__Problem to solve__. Scan the records beneath this line for the line holding "#12=(NAMED_UNIT(*) SI_UNIT($,.STERADIAN.) SOLID_ANGLE_UNIT());" and the line holding "#37=LINE('',#36,#35);", then transcribe exactly those two and all lines between.
── Dataset records ──
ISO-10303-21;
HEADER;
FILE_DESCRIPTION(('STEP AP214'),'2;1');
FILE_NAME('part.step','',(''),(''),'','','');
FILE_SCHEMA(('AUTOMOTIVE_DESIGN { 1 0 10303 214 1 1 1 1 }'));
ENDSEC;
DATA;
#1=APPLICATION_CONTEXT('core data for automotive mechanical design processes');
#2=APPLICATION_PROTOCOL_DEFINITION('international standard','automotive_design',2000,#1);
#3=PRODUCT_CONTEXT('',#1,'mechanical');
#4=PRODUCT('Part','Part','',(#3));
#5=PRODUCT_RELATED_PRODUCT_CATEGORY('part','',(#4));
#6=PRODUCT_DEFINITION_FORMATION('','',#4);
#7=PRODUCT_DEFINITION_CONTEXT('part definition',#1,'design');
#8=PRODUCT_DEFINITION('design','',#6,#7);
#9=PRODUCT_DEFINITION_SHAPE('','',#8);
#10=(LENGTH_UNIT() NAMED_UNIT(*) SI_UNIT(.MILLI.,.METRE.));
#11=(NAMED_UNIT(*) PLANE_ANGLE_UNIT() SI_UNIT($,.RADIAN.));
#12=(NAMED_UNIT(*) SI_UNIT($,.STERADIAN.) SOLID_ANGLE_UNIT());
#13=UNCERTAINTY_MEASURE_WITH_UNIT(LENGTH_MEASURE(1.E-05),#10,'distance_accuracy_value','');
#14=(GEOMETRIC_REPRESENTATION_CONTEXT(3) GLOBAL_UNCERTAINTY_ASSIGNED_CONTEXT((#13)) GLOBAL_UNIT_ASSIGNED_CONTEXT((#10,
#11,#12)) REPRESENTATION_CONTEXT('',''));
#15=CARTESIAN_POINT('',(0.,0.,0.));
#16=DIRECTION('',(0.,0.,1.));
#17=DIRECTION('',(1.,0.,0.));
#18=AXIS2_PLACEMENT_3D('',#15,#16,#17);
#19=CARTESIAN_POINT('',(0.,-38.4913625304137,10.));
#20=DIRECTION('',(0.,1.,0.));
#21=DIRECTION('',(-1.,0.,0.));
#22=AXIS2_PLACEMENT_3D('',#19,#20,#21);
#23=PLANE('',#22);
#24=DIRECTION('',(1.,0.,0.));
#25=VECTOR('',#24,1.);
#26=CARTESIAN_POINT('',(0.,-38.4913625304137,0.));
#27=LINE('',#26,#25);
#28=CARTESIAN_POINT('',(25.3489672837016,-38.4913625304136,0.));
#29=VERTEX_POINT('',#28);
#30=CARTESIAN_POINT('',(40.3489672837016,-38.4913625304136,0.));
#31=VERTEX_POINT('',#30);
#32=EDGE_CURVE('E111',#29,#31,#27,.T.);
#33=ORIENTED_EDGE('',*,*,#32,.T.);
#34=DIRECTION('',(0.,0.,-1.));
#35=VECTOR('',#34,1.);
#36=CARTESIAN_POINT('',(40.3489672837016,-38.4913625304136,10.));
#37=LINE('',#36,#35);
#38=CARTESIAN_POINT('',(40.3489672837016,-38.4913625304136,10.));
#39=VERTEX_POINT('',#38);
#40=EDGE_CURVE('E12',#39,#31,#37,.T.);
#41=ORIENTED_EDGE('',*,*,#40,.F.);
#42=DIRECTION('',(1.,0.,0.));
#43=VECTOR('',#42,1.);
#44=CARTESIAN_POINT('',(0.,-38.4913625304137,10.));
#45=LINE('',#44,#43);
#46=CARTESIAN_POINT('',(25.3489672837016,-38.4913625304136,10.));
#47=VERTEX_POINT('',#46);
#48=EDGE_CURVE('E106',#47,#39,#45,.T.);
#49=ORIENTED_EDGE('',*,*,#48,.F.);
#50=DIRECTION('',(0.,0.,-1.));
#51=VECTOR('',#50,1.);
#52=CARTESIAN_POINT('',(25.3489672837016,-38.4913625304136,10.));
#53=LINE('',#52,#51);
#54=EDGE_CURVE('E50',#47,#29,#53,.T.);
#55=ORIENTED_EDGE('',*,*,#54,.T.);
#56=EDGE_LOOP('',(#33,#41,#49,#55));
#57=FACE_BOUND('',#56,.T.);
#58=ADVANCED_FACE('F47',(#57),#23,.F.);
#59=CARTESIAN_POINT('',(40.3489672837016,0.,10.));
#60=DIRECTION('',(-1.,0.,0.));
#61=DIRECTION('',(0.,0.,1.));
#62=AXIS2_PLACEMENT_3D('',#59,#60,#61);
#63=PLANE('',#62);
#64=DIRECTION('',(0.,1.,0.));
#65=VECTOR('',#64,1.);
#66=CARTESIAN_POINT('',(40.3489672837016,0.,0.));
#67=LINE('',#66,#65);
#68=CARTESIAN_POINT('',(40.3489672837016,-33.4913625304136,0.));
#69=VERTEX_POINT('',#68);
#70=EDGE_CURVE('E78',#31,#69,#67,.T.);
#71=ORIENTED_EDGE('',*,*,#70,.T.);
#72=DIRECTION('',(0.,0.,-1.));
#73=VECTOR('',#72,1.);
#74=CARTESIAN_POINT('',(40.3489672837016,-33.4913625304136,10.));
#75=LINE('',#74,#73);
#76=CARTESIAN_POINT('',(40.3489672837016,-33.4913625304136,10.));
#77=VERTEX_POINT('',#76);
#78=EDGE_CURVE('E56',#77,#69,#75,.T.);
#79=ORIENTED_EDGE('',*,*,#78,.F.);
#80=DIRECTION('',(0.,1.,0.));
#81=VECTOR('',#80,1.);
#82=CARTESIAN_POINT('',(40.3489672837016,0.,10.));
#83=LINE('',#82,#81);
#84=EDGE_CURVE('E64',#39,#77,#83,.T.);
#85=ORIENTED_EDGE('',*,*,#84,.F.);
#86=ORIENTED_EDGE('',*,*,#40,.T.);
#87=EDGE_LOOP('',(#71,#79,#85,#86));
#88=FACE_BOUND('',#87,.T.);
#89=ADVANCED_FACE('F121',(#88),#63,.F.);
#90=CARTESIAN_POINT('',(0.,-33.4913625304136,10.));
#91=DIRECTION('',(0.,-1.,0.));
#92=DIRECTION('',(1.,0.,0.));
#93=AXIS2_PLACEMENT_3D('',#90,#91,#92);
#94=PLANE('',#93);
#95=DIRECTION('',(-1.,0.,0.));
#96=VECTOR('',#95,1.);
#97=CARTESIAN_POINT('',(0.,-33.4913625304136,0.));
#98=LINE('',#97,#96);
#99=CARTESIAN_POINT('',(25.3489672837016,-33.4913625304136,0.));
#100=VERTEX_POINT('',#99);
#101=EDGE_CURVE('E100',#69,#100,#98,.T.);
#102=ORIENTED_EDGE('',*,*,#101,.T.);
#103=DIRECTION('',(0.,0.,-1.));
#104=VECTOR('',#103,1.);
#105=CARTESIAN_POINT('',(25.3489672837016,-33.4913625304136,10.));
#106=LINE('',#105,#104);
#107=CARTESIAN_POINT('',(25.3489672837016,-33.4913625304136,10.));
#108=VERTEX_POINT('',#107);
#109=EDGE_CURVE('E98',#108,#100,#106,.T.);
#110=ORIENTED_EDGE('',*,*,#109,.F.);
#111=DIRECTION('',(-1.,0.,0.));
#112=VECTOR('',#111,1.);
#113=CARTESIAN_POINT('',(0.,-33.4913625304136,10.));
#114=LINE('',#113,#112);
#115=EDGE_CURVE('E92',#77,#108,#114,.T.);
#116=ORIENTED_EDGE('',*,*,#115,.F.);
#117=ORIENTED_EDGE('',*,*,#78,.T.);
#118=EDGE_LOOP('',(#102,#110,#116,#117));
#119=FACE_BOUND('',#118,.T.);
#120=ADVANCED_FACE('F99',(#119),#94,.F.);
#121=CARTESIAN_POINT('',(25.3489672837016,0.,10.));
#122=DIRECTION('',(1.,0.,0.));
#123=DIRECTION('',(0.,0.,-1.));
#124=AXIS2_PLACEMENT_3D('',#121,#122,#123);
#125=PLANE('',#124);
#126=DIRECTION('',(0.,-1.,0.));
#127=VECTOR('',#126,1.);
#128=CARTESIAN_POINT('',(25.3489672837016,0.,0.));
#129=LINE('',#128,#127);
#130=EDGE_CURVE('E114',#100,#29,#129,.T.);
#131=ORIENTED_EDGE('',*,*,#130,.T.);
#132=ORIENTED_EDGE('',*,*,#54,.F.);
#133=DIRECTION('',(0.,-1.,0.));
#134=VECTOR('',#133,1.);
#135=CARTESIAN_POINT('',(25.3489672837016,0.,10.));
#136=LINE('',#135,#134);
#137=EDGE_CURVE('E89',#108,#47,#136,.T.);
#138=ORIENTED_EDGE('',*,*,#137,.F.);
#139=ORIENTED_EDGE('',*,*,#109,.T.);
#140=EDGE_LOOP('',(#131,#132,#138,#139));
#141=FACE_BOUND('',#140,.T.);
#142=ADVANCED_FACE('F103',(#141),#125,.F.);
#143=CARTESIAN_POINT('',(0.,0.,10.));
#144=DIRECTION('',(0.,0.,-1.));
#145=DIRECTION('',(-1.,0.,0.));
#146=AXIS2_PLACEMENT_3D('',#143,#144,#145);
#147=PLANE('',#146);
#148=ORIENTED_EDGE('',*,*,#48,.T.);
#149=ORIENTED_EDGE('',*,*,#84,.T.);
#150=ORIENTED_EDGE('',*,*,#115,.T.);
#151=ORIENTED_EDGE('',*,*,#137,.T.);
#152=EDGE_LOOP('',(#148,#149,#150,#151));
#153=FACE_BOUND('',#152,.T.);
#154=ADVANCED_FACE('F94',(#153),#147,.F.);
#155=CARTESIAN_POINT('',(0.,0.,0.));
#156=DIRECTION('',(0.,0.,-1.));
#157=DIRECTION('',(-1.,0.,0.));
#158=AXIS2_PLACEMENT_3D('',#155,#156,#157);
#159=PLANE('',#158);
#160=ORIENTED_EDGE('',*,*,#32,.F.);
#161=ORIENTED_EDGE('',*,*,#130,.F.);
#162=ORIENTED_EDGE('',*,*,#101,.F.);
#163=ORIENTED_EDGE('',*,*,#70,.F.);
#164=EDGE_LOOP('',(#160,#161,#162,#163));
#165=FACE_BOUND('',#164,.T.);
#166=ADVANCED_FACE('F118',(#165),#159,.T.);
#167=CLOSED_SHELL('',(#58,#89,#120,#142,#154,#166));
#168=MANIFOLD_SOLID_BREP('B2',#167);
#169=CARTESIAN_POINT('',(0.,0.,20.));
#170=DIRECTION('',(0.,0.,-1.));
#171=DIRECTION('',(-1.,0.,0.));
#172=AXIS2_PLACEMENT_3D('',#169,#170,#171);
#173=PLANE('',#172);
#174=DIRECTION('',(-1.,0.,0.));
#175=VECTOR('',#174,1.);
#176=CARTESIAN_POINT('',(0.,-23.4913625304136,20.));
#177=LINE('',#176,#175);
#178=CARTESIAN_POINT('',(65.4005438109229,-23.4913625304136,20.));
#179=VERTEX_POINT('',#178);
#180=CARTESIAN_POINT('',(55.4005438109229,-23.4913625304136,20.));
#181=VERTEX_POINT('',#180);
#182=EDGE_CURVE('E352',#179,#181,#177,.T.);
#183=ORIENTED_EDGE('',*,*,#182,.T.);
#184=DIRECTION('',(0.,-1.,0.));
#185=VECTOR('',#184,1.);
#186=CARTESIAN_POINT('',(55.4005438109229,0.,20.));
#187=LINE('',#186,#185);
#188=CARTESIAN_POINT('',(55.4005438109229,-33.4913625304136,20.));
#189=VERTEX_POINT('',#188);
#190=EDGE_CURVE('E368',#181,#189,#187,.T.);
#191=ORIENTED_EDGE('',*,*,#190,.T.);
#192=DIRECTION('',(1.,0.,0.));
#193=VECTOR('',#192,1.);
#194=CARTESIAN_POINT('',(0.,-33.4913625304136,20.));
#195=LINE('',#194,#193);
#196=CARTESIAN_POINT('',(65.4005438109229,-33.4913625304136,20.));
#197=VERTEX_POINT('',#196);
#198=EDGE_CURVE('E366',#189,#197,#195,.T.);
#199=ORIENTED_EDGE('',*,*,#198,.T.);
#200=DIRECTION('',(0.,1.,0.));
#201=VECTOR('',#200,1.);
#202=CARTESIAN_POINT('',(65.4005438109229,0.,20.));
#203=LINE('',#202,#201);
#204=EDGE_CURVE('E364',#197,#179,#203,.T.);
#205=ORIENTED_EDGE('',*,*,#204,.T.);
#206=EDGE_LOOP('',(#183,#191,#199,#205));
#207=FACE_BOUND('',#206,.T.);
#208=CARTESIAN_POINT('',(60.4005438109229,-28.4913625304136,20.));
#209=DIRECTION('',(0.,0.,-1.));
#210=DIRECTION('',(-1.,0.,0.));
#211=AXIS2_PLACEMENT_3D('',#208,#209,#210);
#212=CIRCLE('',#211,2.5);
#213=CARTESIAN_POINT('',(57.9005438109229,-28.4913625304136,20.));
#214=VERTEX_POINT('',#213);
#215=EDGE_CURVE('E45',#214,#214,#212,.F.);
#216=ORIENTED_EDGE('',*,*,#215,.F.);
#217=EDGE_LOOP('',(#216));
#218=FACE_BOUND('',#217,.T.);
───
__Expected answer__.
#12=(NAMED_UNIT(*) SI_UNIT($,.STERADIAN.) SOLID_ANGLE_UNIT());
#13=UNCERTAINTY_MEASURE_WITH_UNIT(LENGTH_MEASURE(1.E-05),#10,'distance_accuracy_value','');
#14=(GEOMETRIC_REPRESENTATION_CONTEXT(3) GLOBAL_UNCERTAINTY_ASSIGNED_CONTEXT((#13)) GLOBAL_UNIT_ASSIGNED_CONTEXT((#10,
#11,#12)) REPRESENTATION_CONTEXT('',''));
#15=CARTESIAN_POINT('',(0.,0.,0.));
#16=DIRECTION('',(0.,0.,1.));
#17=DIRECTION('',(1.,0.,0.));
#18=AXIS2_PLACEMENT_3D('',#15,#16,#17);
#19=CARTESIAN_POINT('',(0.,-38.4913625304137,10.));
#20=DIRECTION('',(0.,1.,0.));
#21=DIRECTION('',(-1.,0.,0.));
#22=AXIS2_PLACEMENT_3D('',#19,#20,#21);
#23=PLANE('',#22);
#24=DIRECTION('',(1.,0.,0.));
#25=VECTOR('',#24,1.);
#26=CARTESIAN_POINT('',(0.,-38.4913625304137,0.));
#27=LINE('',#26,#25);
#28=CARTESIAN_POINT('',(25.3489672837016,-38.4913625304136,0.));
#29=VERTEX_POINT('',#28);
#30=CARTESIAN_POINT('',(40.3489672837016,-38.4913625304136,0.));
#31=VERTEX_POINT('',#30);
#32=EDGE_CURVE('E111',#29,#31,#27,.T.);
#33=ORIENTED_EDGE('',*,*,#32,.T.);
#34=DIRECTION('',(0.,0.,-1.));
#35=VECTOR('',#34,1.);
#36=CARTESIAN_POINT('',(40.3489672837016,-38.4913625304136,10.));
#37=LINE('',#36,#35);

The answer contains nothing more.